- Records from a data source -
━━━━━━

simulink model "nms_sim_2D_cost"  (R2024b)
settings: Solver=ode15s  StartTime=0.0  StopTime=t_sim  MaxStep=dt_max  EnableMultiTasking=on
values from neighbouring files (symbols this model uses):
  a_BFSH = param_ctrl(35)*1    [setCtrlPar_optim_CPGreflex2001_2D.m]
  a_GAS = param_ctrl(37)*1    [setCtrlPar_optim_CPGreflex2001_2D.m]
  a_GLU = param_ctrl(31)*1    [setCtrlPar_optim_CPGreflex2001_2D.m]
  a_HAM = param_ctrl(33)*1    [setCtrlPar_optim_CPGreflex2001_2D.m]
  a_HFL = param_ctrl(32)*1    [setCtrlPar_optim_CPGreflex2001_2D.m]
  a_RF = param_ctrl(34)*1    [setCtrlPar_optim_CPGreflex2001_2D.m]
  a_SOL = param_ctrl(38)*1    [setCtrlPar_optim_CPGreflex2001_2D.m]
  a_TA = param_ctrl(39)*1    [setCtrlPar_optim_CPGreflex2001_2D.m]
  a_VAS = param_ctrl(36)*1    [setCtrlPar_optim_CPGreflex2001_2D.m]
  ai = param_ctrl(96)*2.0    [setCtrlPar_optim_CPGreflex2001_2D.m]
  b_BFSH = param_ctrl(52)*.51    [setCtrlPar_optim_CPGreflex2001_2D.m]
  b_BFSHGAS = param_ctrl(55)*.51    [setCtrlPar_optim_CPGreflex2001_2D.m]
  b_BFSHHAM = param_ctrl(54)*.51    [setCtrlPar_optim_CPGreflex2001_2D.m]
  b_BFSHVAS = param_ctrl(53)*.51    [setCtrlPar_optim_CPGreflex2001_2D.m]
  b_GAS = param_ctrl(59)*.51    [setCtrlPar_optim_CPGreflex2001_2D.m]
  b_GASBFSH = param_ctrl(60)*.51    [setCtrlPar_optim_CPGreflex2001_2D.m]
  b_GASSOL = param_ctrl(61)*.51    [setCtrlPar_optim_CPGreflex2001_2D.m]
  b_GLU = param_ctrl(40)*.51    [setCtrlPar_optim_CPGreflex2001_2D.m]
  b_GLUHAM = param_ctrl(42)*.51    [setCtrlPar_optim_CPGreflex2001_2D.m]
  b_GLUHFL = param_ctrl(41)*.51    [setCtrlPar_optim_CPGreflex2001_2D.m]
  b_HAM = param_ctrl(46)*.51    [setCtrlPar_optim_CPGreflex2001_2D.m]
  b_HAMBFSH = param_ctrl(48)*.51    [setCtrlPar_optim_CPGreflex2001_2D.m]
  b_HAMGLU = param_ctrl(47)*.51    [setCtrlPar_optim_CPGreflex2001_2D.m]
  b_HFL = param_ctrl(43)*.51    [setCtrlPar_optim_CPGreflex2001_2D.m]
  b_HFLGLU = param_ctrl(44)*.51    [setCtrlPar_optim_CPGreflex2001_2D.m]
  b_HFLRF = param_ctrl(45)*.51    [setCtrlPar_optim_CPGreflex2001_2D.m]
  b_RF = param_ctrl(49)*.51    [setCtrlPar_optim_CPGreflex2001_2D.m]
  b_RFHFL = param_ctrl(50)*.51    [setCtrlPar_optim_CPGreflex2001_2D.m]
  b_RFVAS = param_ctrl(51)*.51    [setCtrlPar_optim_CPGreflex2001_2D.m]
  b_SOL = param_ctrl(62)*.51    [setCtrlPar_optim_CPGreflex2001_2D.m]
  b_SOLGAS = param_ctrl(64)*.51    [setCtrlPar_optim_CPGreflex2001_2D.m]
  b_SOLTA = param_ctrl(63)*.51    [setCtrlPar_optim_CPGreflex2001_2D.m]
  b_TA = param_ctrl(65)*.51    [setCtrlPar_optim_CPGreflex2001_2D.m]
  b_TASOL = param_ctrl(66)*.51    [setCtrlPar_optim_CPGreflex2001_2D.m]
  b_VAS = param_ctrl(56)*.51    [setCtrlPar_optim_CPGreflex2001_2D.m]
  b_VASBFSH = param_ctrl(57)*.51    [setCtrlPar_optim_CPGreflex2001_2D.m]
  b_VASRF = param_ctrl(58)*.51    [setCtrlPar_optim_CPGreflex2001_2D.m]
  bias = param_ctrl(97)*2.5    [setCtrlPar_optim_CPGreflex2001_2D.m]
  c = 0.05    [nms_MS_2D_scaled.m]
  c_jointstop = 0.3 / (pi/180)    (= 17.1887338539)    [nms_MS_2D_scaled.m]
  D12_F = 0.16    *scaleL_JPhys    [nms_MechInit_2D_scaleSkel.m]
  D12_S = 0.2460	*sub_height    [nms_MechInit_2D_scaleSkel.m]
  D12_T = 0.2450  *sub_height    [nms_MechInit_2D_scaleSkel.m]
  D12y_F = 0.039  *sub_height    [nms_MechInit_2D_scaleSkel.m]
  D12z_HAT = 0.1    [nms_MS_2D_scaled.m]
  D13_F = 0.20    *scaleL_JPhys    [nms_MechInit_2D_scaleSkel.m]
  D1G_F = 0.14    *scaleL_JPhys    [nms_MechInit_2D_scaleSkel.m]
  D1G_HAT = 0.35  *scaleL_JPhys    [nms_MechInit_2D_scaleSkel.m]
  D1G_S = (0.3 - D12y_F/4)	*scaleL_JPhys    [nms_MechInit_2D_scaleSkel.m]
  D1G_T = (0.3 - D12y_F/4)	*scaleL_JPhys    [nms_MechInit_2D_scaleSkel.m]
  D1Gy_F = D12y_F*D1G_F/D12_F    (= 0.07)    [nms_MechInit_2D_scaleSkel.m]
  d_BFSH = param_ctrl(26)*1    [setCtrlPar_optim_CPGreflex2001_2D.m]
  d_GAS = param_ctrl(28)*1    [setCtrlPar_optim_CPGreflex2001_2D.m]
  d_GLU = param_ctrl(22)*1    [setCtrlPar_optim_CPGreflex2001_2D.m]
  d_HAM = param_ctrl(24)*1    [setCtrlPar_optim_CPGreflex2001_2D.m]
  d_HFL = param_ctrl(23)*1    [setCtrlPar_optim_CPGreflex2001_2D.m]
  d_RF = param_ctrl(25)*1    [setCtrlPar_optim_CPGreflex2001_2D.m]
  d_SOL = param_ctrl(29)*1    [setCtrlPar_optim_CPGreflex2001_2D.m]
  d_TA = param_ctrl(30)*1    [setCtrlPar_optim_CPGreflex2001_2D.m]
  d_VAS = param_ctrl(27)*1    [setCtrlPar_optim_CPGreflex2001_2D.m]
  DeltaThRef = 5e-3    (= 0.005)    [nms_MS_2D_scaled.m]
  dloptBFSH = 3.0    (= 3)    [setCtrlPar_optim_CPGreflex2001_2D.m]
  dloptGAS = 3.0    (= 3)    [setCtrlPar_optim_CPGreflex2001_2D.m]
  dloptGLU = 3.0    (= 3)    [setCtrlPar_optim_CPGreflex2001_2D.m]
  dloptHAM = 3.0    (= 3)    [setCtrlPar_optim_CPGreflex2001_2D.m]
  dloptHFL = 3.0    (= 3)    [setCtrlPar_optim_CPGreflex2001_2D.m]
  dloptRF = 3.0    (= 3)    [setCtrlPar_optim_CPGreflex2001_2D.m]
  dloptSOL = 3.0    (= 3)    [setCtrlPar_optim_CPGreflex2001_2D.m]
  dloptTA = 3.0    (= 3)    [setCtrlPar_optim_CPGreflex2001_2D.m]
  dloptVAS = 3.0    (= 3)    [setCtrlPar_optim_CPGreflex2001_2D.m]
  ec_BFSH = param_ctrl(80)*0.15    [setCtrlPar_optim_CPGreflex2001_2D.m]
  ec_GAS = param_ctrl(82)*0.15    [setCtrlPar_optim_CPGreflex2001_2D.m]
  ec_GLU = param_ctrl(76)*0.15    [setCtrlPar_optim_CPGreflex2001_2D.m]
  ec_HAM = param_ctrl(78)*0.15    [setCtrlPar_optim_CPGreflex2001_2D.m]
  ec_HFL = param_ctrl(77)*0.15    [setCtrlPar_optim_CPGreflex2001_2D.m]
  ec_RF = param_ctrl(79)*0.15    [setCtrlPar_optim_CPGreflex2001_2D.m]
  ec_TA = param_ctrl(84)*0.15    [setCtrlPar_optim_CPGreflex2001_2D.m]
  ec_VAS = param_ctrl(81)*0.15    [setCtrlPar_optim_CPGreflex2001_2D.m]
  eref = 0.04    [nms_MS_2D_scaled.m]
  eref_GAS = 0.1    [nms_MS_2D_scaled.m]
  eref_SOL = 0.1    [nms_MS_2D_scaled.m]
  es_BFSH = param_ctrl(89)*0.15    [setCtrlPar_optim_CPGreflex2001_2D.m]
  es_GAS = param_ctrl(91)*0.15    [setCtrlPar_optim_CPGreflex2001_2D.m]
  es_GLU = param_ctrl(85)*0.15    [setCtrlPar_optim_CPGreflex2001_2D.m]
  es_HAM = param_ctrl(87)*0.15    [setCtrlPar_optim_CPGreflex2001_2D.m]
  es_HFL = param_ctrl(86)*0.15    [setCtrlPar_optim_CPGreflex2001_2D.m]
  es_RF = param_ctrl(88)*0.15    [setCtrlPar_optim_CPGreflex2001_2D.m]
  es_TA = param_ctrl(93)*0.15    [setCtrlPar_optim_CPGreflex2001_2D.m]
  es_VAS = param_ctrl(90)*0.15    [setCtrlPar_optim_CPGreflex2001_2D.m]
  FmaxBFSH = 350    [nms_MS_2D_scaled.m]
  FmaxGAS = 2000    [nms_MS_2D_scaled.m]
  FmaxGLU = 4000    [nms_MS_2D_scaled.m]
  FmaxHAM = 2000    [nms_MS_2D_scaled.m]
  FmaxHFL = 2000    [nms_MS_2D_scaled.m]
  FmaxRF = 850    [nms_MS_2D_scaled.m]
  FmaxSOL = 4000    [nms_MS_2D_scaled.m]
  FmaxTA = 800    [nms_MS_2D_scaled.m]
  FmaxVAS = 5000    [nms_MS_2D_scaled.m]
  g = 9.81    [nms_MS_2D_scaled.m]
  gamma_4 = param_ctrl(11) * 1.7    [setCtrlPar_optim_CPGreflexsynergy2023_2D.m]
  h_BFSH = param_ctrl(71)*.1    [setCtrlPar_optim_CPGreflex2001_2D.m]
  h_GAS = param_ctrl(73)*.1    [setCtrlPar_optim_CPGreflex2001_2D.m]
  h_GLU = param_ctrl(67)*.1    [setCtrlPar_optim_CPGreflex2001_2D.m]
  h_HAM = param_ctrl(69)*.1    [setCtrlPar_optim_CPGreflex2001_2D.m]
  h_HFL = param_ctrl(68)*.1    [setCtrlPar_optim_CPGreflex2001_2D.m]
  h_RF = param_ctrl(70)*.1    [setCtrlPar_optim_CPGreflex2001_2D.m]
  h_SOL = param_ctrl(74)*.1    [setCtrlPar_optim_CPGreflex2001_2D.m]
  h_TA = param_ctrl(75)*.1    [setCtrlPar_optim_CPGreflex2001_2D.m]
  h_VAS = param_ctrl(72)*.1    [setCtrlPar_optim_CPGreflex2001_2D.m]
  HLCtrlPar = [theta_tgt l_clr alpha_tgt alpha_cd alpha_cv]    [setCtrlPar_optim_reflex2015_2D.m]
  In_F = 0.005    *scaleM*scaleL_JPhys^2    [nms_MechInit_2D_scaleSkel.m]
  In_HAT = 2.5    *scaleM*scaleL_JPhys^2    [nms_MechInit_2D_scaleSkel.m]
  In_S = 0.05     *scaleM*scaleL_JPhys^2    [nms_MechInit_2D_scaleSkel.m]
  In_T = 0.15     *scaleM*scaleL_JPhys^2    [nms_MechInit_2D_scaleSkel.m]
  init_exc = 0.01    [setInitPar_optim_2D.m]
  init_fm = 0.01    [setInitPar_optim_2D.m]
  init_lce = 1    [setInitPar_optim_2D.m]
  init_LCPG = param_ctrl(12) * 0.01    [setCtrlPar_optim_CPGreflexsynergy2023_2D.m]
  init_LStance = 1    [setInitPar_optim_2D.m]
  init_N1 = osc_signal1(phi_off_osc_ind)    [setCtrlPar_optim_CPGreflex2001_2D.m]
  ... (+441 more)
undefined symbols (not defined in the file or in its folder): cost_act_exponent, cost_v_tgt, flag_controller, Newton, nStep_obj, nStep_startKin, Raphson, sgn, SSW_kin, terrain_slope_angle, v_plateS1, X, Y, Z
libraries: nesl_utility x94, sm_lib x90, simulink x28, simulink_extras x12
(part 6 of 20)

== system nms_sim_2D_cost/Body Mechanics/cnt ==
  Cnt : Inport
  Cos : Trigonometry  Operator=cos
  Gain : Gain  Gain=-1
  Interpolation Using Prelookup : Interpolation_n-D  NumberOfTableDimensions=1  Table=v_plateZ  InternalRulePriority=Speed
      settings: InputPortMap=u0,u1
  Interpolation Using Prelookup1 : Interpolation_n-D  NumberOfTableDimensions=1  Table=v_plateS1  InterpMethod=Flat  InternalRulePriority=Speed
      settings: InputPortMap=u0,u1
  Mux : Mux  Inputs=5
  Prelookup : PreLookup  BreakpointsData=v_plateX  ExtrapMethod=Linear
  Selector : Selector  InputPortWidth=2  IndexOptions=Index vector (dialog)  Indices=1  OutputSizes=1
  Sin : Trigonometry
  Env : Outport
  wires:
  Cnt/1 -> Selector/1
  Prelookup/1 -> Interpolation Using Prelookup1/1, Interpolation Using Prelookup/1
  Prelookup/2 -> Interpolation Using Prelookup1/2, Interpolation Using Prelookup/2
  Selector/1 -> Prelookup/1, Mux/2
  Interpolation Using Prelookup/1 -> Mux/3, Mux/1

━━━━━━

Only the lines from the top of the data through the line that contains "b_HAMBFSH = param_ctrl(48)*.51" should be quoted, exactly as they stand.

simulink model "nms_sim_2D_cost"  (R2024b)
settings: Solver=ode15s  StartTime=0.0  StopTime=t_sim  MaxStep=dt_max  EnableMultiTasking=on
values from neighbouring files (symbols this model uses):
  a_BFSH = param_ctrl(35)*1    [setCtrlPar_optim_CPGreflex2001_2D.m]
  a_GAS = param_ctrl(37)*1    [setCtrlPar_optim_CPGreflex2001_2D.m]
  a_GLU = param_ctrl(31)*1    [setCtrlPar_optim_CPGreflex2001_2D.m]
  a_HAM = param_ctrl(33)*1    [setCtrlPar_optim_CPGreflex2001_2D.m]
  a_HFL = param_ctrl(32)*1    [setCtrlPar_optim_CPGreflex2001_2D.m]
  a_RF = param_ctrl(34)*1    [setCtrlPar_optim_CPGreflex2001_2D.m]
  a_SOL = param_ctrl(38)*1    [setCtrlPar_optim_CPGreflex2001_2D.m]
  a_TA = param_ctrl(39)*1    [setCtrlPar_optim_CPGreflex2001_2D.m]
  a_VAS = param_ctrl(36)*1    [setCtrlPar_optim_CPGreflex2001_2D.m]
  ai = param_ctrl(96)*2.0    [setCtrlPar_optim_CPGreflex2001_2D.m]
  b_BFSH = param_ctrl(52)*.51    [setCtrlPar_optim_CPGreflex2001_2D.m]
  b_BFSHGAS = param_ctrl(55)*.51    [setCtrlPar_optim_CPGreflex2001_2D.m]
  b_BFSHHAM = param_ctrl(54)*.51    [setCtrlPar_optim_CPGreflex2001_2D.m]
  b_BFSHVAS = param_ctrl(53)*.51    [setCtrlPar_optim_CPGreflex2001_2D.m]
  b_GAS = param_ctrl(59)*.51    [setCtrlPar_optim_CPGreflex2001_2D.m]
  b_GASBFSH = param_ctrl(60)*.51    [setCtrlPar_optim_CPGreflex2001_2D.m]
  b_GASSOL = param_ctrl(61)*.51    [setCtrlPar_optim_CPGreflex2001_2D.m]
  b_GLU = param_ctrl(40)*.51    [setCtrlPar_optim_CPGreflex2001_2D.m]
  b_GLUHAM = param_ctrl(42)*.51    [setCtrlPar_optim_CPGreflex2001_2D.m]
  b_GLUHFL = param_ctrl(41)*.51    [setCtrlPar_optim_CPGreflex2001_2D.m]
  b_HAM = param_ctrl(46)*.51    [setCtrlPar_optim_CPGreflex2001_2D.m]
  b_HAMBFSH = param_ctrl(48)*.51    [setCtrlPar_optim_CPGreflex2001_2D.m]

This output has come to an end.